The findings directly answer the research question—why stakeholders cannot effectively collaborate under current institutional arrangements for low-income housing in Pakistan—by demonstrating how multi-layered institutional complexity, constrained government capacity, legislative weaknesses, political interference, and policy/practice gaps intersect to suppress collaborative action. The GLIPP framework integrates these domains, placing government capacity at the nexus with two-way linkages to legislation, political leadership, and institutional arrangements, and one-way impacts from policy gaps and political will on government processes. The study explains how effects cascade into a poor collaboration environment (e.g., fragmented stakeholder engagement, underutilized expertise, and weak civic infrastructure), undermining planning approvals, enforcement, and delivery. These insights have substantial relevance to urban governance and housing policy, illustrating that strengthening institutional coherence, depoliticizing appointments, improving legislative clarity/enforcement (notably foreclosure laws and real estate regulation), and aligning finance policy with macroeconomic realities are prerequisites for effective public–private–civic collaboration and for achieving SDG 11 targets on affordable housing.

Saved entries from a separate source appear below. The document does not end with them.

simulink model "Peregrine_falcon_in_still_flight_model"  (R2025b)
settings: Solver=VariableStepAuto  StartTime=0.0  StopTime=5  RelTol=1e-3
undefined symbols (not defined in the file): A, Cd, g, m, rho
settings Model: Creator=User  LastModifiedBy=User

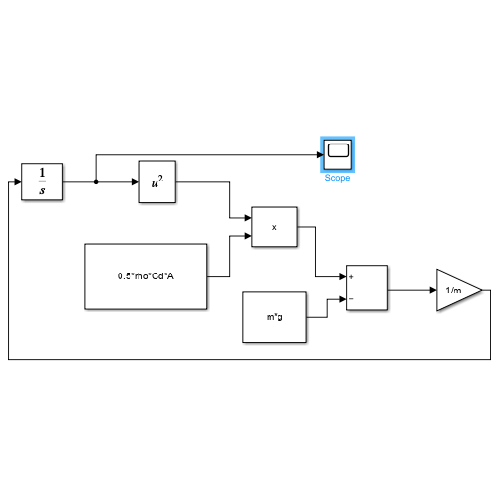
[thumbnail: Simulink's stored preview of the top-level diagram]
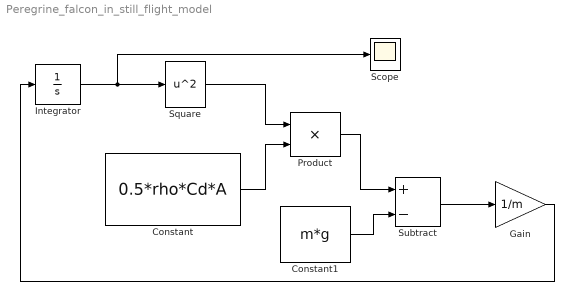
== system Peregrine_falcon_in_still_flight_model ==
  Constant : Constant  Value=0.5*rho*Cd*A
  Constant1 : Constant  Value=m*g
  Gain : Gain  Gain=1/m
  Integrator : Integrator
  Product : Product
  Scope : Scope
      settings: ActiveDisplayYMinimum=-52.016420784234661  ActiveDisplayYMaximum=5.7796023093594062
  Square : Math  Operator=square
  Subtract : Sum  Inputs=+-
  wires:
  Integrator/1 -> Scope/1, Square/1
  Square/1 -> Product/1
  Constant/1 -> Product/2
  Product/1 -> Subtract/1
  Constant1/1 -> Subtract/2
  Subtract/1 -> Gain/1
  Gain/1 -> Integrator/1
simulink model "SSN_39busRT_Ctrl_4WT_19B"  (R2021a)
settings: Solver=ode3  StartTime=0.0  StopTime=10  FixedStep=Ts  MaxStep=1/60  RelTol=1e-2  AbsTol=1e-1
PreLoadFcn:
  | Ts=2.50e-6; ssn_ieee39_params; load('Pwf.mat');
InitFcn:
  | Ts=2.50e-6; ssn_ieee39_params; load('Pwf.mat');
values from neighbouring files (symbols this model uses):
  f = 50    [ssn_ieee39_params_ctrl.m]
  fNom = f    (= 60)    [ssn_ieee39_params_ctrl.m]
  ILR = 5.02    [ssn_ieee39_params_ctrl.m]
  IQMIN = 0.1    [ssn_ieee39_params_ctrl.m]
  ISCLIM = 1    [ssn_ieee39_params_ctrl.m]
  ITFpu = 1.10    (= 1.1)    [ssn_ieee39_params_ctrl.m]
  K = 1    [ssn_ieee39_params_ctrl.m]
  K1 = 1    [ssn_ieee39_params_ctrl.m]
  K2 = 2    [ssn_ieee39_params_ctrl.m]
  KCL = 1.04    [ssn_ieee39_params_ctrl.m]
  KFB = 0    [ssn_ieee39_params_ctrl.m]
  KFF = 1    [ssn_ieee39_params_ctrl.m]
  KFIX = 1    [ssn_ieee39_params_ctrl.m]
  KG = 1    [ssn_ieee39_params_ctrl.m]
  KIA = 59.91    [ssn_ieee39_params_ctrl.m]
  KIOEX = 0.0303    [ssn_ieee39_params_ctrl.m]
  KIUEX = 0.0303    [ssn_ieee39_params_ctrl.m]
  KIUOEX = 1    [ssn_ieee39_params_ctrl.m]
  KIUUEX = 1    [ssn_ieee39_params_ctrl.m]
  KLR = 22.47    [ssn_ieee39_params_ctrl.m]
  KM = 1    [ssn_ieee39_params_ctrl.m]
  KOEL = 0.24    [ssn_ieee39_params_ctrl.m]
  Kp = 1    [ssn_ieee39_params_ctrl.m]
  KPA = 30    [ssn_ieee39_params_ctrl.m]
  KPOEL = 1    [ssn_ieee39_params_ctrl.m]
  KPOEX = 0    [ssn_ieee39_params_ctrl.m]
  KPUEX = 0    [ssn_ieee39_params_ctrl.m]
  KSCALE = 0.319    [ssn_ieee39_params_ctrl.m]
  KUF = 0    [ssn_ieee39_params_ctrl.m]
  KUI = 0.001    [ssn_ieee39_params_ctrl.m]
  KUL = 0.24    [ssn_ieee39_params_ctrl.m]
  s = 10    [ssn_ieee39_params_ctrl.m]
  TA = 0.01    [ssn_ieee39_params_ctrl.m]
  Tadj = 0    [ssn_ieee39_params_ctrl.m]
  taps = [1 1 1.07 1.07 1.009 1.025 1 1.025 1.025 1.025]*1    [ssn_ieee39_params_ctrl.m]
  TF = 0.02    [ssn_ieee39_params_ctrl.m]
  TG = 0.024    [ssn_ieee39_params_ctrl.m]
  TINV = 0    [ssn_ieee39_params_ctrl.m]
  TIT = 0.1    [ssn_ieee39_params_ctrl.m]
  TL_10_11_len = 14    [ssn_ieee39_params_ctrl.m]
  TL_10_13_len = 14    [ssn_ieee39_params_ctrl.m]
  TL_13_14_len = 32    [ssn_ieee39_params_ctrl.m]
  TL_14_15_len = 70    [ssn_ieee39_params_ctrl.m]
  TL_15_16_len = 31.5    [ssn_ieee39_params_ctrl.m]
  TL_16_17_len = 26    [ssn_ieee39_params_ctrl.m]
  TL_16_19_len = 61    [ssn_ieee39_params_ctrl.m]
  TL_16_21_len = 46    [ssn_ieee39_params_ctrl.m]
  TL_16_24_len = 15    [ssn_ieee39_params_ctrl.m]
  TL_17_18_len = 26    [ssn_ieee39_params_ctrl.m]
  TL_17_27_len = 59    [ssn_ieee39_params_ctrl.m]
  TL_1_2_len = 134    [ssn_ieee39_params_ctrl.m]
  TL_1_39_len = 105    [ssn_ieee39_params_ctrl.m]
  TL_21_22_len = 47    [ssn_ieee39_params_ctrl.m]
  TL_22_23_len = 33    [ssn_ieee39_params_ctrl.m]
  TL_24_23_len = 88    [ssn_ieee39_params_ctrl.m]
  TL_25_26_len = 101    [ssn_ieee39_params_ctrl.m]
  TL_26_27_len = 46.5    [ssn_ieee39_params_ctrl.m]
  TL_26_28_len = 151    [ssn_ieee39_params_ctrl.m]
  TL_26_29_len = 200    [ssn_ieee39_params_ctrl.m]
  TL_28_29_len = 48    [ssn_ieee39_params_ctrl.m]
  TL_2_25_len = 28    [ssn_ieee39_params_ctrl.m]
  TL_2_2_len = 49    [ssn_ieee39_params_ctrl.m]
  TL_3_18_len = 42    [ssn_ieee39_params_ctrl.m]
  TL_3_4_len = 53    [ssn_ieee39_params_ctrl.m]
  TL_4_14_len = 33    [ssn_ieee39_params_ctrl.m]
  TL_4_5_len = 32.5    [ssn_ieee39_params_ctrl.m]
  TL_5_6_len = 14    [ssn_ieee39_params_ctrl.m]
  TL_5_8_len = 32    [ssn_ieee39_params_ctrl.m]
  TL_6_11_len = 26.5    [ssn_ieee39_params_ctrl.m]
  TL_6_7_len = 25.5    [ssn_ieee39_params_ctrl.m]
  TL_7_8_len = 15    [ssn_ieee39_params_ctrl.m]
  TL_8_9_len = 93    [ssn_ieee39_params_ctrl.m]
  TL_9_39_len = 136    [ssn_ieee39_params_ctrl.m]
  TOEL = 5.00    (= 5)    [ssn_ieee39_params_ctrl.m]
  TQREF = 0    [ssn_ieee39_params_ctrl.m]
  TQSCL = 0.012    [ssn_ieee39_params_ctrl.m]
  Ts_PMU = 1/1000    (= 0.001)    [ssn_ieee39_params_ctrl.m]
  TU1 = 0    [ssn_ieee39_params_ctrl.m]
  TU2 = 0    [ssn_ieee39_params_ctrl.m]
  TU3 = 0    [ssn_ieee39_params_ctrl.m]
  TU4 = 0    [ssn_ieee39_params_ctrl.m]
  TUL = 0    [ssn_ieee39_params_ctrl.m]
  TUP = 0.050    (= 0.05)    [ssn_ieee39_params_ctrl.m]
  TUQ = .005    (= 0.005)    [ssn_ieee39_params_ctrl.m]
  TUV = 0.2    [ssn_ieee39_params_ctrl.m]
  VAAMAX = VAMAX    (= 7.05)    [ssn_ieee39_params_ctrl.m]
  VAMAX = 7.05    [ssn_ieee39_params_ctrl.m]
  VAMIN = -6.11    [ssn_ieee39_params_ctrl.m]
  VBMAX = 999    [ssn_ieee39_params_ctrl.m]
  VF = 0    [ssn_ieee39_params_ctrl.m]
  VFB = 0    [ssn_ieee39_params_ctrl.m]
  VMMAX = 7.05    [ssn_ieee39_params_ctrl.m]
  VMMIN = -6.11    [ssn_ieee39_params_ctrl.m]
  VOELmax1 = 0.2353    [ssn_ieee39_params_ctrl.m]
  VOELmax2 = 0.0    (= 0)    [ssn_ieee39_params_ctrl.m]
  VOELmin1 = -0.24    [ssn_ieee39_params_ctrl.m]
  VOELmin2 = -1.0    (= -1)    [ssn_ieee39_params_ctrl.m]
  VRMAX = 7.05    [ssn_ieee39_params_ctrl.m]
  VRMIN = -6.11    [ssn_ieee39_params_ctrl.m]
  VSCLmax = 0.20    (= 0.2)    [ssn_ieee39_params_ctrl.m]
  VSCLmin = -0.10    (= -0.1)    [ssn_ieee39_params_ctrl.m]
  VUELmax1 = 1    [ssn_ieee39_params_ctrl.m]
  VUELmax2 = 1    [ssn_ieee39_params_ctrl.m]
  VUELmin1 = -1    [ssn_ieee39_params_ctrl.m]
  VUELmin2 = -1    [ssn_ieee39_params_ctrl.m]
  VUImax = 1    [ssn_ieee39_params_ctrl.m]
  VUImin = -1    [ssn_ieee39_params_ctrl.m]
undefined symbols (not defined in the file or in its folder): another_event_name, D1, Delta, DiscIntNeverNeededParam, find_system, MOV_segment9, my_event_name, powergui, Pw1, Pw2, Pw3, Pw4, vNomHV
libraries: powerlib_extras x162, spsThreePhaseVIMeasurementLib x55, spsCurrentMeasurementLib x52, simulink_extras x44, slpidlib x40, op_dpl_lib x36, spsST2AModel x20, spsThreePhaseParallelRLCLoadLib x20, spsThreePhaseTransformerTwoWindingsLib x17, spsControlledVoltageSourceLib x16, spsVoltageMeasurementLib x12, spsSynchronousMachinepuStandardLib x10
(part 19 of 19)

== system SSN_39busRT_Ctrl_4WT_19B/SM_master/4 WT/SS_windfarm1to2/Wind Farm (DFIG Type)/Wind Turbine Doubly-Fed Induction Generator (Average Model)1/Control System_average/Control/Rotor-side converter Control system/Torque control/Torque reference/Looses ==
  wr : Inport
  Idqs : Inport  Port=2
  Idq_grid_conv : Inport  Port=3
  Idqr : Inport  Port=4
  Freq : Inport  Port=5
  Constant3 : Constant  Value=R_RL
  Discrete Variable Frequency Mean value : Subsystem  mask(Discrete Variable-Frequency Mean Value){Finit=Fnom, Fmin=45, Ts=Ts_Control}
      mask prompts: Finit "Initial frequency (Hz):"; Fmin "Minimum frequency (Hz):"; Ts "Sample time:"
      mask help:
      | This discrete block computes the mean value of the input signal (port In) over a running window of one cycle of a specified frequency (port Freq).
      |
      | For the first cycle of simulation (specified by the parameter "Initial frequency"), the ouput is held to the value of the  "Initial input" parameter.
      |
      | The value of the parameter "Minimum frequency" is used to determine the buffer size of the "Variable Transport Delay" block found inside this subsystem.
      mask init:
      | MaxDelay=1/Fmin+Ts;
  Friction Factor : Gain  Gain=F  SaturateOnIntegerOverflow=on  OutDataTypeStr=Inherit: Same as input  ParamDataTypeStr=Inherit: Same as input
  Product{1..4} (4 alike) : Product  InputSameDT=on  SaturateOnIntegerOverflow=on  OutDataTypeStr=Inherit: Same as first input
  Rr : Constant  Value=Rr
  Rs : Constant  Value=Rs
  Sum2 : Sum  Inputs=+++  SaturateOnIntegerOverflow=on
  Sum5 : Sum  Inputs=|++  SaturateOnIntegerOverflow=on
  id^2+iq^2 : Fcn  Expr=u(1)^2+u(2)^2
  "id^2+iq^2 " : Fcn  Expr=u(1)^2+u(2)^2
  "id^2+iq^2   " : Fcn  Expr=u(1)^2+u(2)^2
  P_looses : Outport
  wires:
  Idqr/1 -> "id^2+iq^2 "/1
  Idqs/1 -> id^2+iq^2/1
  Discrete Variable Frequency Mean value/1(Mean) -> P_looses/1
  Sum5/1 -> Sum2/3
  Product1/1 -> Sum5/2
  Product4/1 -> Sum5/1
  Idq_grid_conv/1 -> "id^2+iq^2   "/1
  "id^2+iq^2   "/1 -> Product1/2
  Constant3/1 -> Product1/1
  wr/1 -> Product2/1, Friction Factor/1
  Sum2/1 -> Discrete Variable Frequency Mean value/2(In), Discrete Variable Frequency Mean value/3(Init)  "Looses"
  Product2/1 -> Sum2/1
  Product3/1 -> Sum2/2
  "id^2+iq^2 "/1 -> Product4/2
  Rr/1 -> Product4/1
  id^2+iq^2/1 -> Product3/2
  Rs/1 -> Product3/1
  Friction Factor/1 -> Product2/2  "T_Friction"
  Freq/1 -> Discrete Variable Frequency Mean value/1(Freq)

== system SSN_39busRT_Ctrl_4WT_19B/SM_master/4 WT/SS_windfarm1to2/Wind Farm (DFIG Type)/Wind Turbine Doubly-Fed Induction Generator (Average Model)1/Control System_average/Control/Rotor-side converter Control system/Torque control/Torque reference/Slope_B_A ==
  Constant6 : Constant  Value=power_B
  Constant7 : Constant  Value=power_A
  Constant8 : Constant  Value=speed_B
  Constant9 : Constant  Value=speed_A
  Product2 : Product  Inputs=*/  SaturateOnIntegerOverflow=on  OutDataTypeStr=Inherit: Same as first input
  Sum8 : Sum  Inputs=|+-  SaturateOnIntegerOverflow=on
  Sum9 : Sum  Inputs=|+-  SaturateOnIntegerOverflow=on
  Slope : Outport
  wires:
  Constant6/1 -> Sum8/1
  Constant7/1 -> Sum8/2
  Constant8/1 -> Sum9/1
  Constant9/1 -> Sum9/2
  Sum8/1 -> Product2/1
  Sum9/1 -> Product2/2
  Product2/1 -> Slope/1

== system SSN_39busRT_Ctrl_4WT_19B/SM_master/4 WT/SS_windfarm1to2/Wind Farm (DFIG Type)/Wind Turbine Doubly-Fed Induction Generator (Average Model)1/Control System_average/Control/Rotor-side converter Control system/Torque control/Torque reference/Slope_D_C ==
  Constant2 : Constant  Value=power_D
  Constant3 : Constant  Value=power_C
  Constant4 : Constant  Value=speed_D
  Constant5 : Constant  Value=speed_C
  Product : Product  Inputs=*/  SaturateOnIntegerOverflow=on  OutDataTypeStr=Inherit: Same as first input
  Sum6 : Sum  Inputs=|+-  SaturateOnIntegerOverflow=on
  Sum7 : Sum  Inputs=|+-  SaturateOnIntegerOverflow=on
  Slope : Outport
  wires:
  Constant2/1 -> Sum6/1
  Constant3/1 -> Sum6/2
  Constant4/1 -> Sum7/1
  Constant5/1 -> Sum7/2
  Sum6/1 -> Product/1
  Sum7/1 -> Product/2
  Product/1 -> Slope/1

== system SSN_39busRT_Ctrl_4WT_19B/SM_master/4 WT/SS_windfarm1to2/Wind Farm (DFIG Type)/Wind Turbine Doubly-Fed Induction Generator (Average Model)1/Control System_average/Control/Rotor-side converter Control system/Torque control/Torque regulator/Stator flux estimator ==
  note: Magnitude of flux at generator stator
      | The derivative components of flux are neglected
  Vdqs : Inport
  Idqs : Inport  Port=2
  Freq : Inport  Port=3
  Divide1 : Product  Inputs=*/
  Divide2 : Product  Inputs=**
  Divide3 : Product  Inputs=*/
  Divide4 : Product  Inputs=*/
  Divide6 : Product  Inputs=**
  Fnom : Constant  Value=Fnom
  Gain : Gain  Gain=-1
  Math Function1 : Math  Operator=square  SignedPower=on  SaturateOnIntegerOverflow=on
  Math Function2 : Math  Operator=square  SignedPower=on  SaturateOnIntegerOverflow=on
  Math Function3 : Math  Operator=sqrt  SignedPower=on  SaturateOnIntegerOverflow=on
  Rs : Constant  Value=Rs
  Rs2 : Constant  Value=Rs
  Selector1 : Selector  InputPortWidth=2  IndexOptions=Index vector (dialog)  Indices=2  OutputSizes=[(-2)]
  Selector2 : Selector  InputPortWidth=2  IndexOptions=Index vector (dialog)  Indices=1  OutputSizes=[(-2)]
  Selector3 : Selector  InputPortWidth=2  IndexOptions=Index vector (dialog)  Indices=2  OutputSizes=[(-2)]
  Selector4 : Selector  InputPortWidth=2  IndexOptions=Index vector (dialog)  Indices=1  OutputSizes=[(-2)]
  Sum1 : Sum  Inputs=|++
  Sum2 : Sum  Inputs=|+-
  Sum3 : Sum  Inputs=|+-
  Mag_Flux : Outport
  wires:
  Math Function2/1 -> Sum1/2
  Divide4/1 -> Math Function2/1  "phi_ds"
  Sum2/1 -> Divide4/1
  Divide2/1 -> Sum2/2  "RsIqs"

This study contributes a stakeholder-informed, context-specific framework (GLIPP) that conceptualizes cross-cutting barriers to collaboration in low-income housing provision in Pakistan. It reveals how government capacity constraints, legislative shortcomings, institutional complexity, policy/practice gaps, and political will/intervention collectively disrupt coordinated action across state, market, and civil society actors. Practically, the study recommends: (1) revising organizational hierarchies to reduce duplication and clarify roles (e.g., umbrella structures, decentralization, defined supervisory functions); (2) enabling collaborative alliances with private and civil actors through open tendering, PPPs, joint ventures, cross-subsidy mechanisms, and inclusive, participatory policy-making; and (3) fostering civic responsibility and market segmentation strategies to better match products to low-income needs and accelerate delivery (e.g., build-and-sell). Future research should apply and refine GLIPP across different regional and institutional contexts, examine project-level collaborations, and empirically evaluate the impact of specific institutional reforms and finance policies on low-income housing outcomes.
The study is a qualitative case study centered on Lahore (with federal perspectives from Islamabad) and relies on purposive sampling and stakeholder interviews, which may limit generalizability. Data are perception-based and context-dependent, and while reflexivity was employed to mitigate bias, self-reporting and institutional sensitivities may influence responses. The research primarily diagnoses barriers and only preliminarily outlines solutions; it does not quantitatively evaluate policy impacts or collaborative interventions. Broader, multi-city, mixed-method studies and project-level evaluations are needed to validate and extend the GLIPP framework and proposed reforms.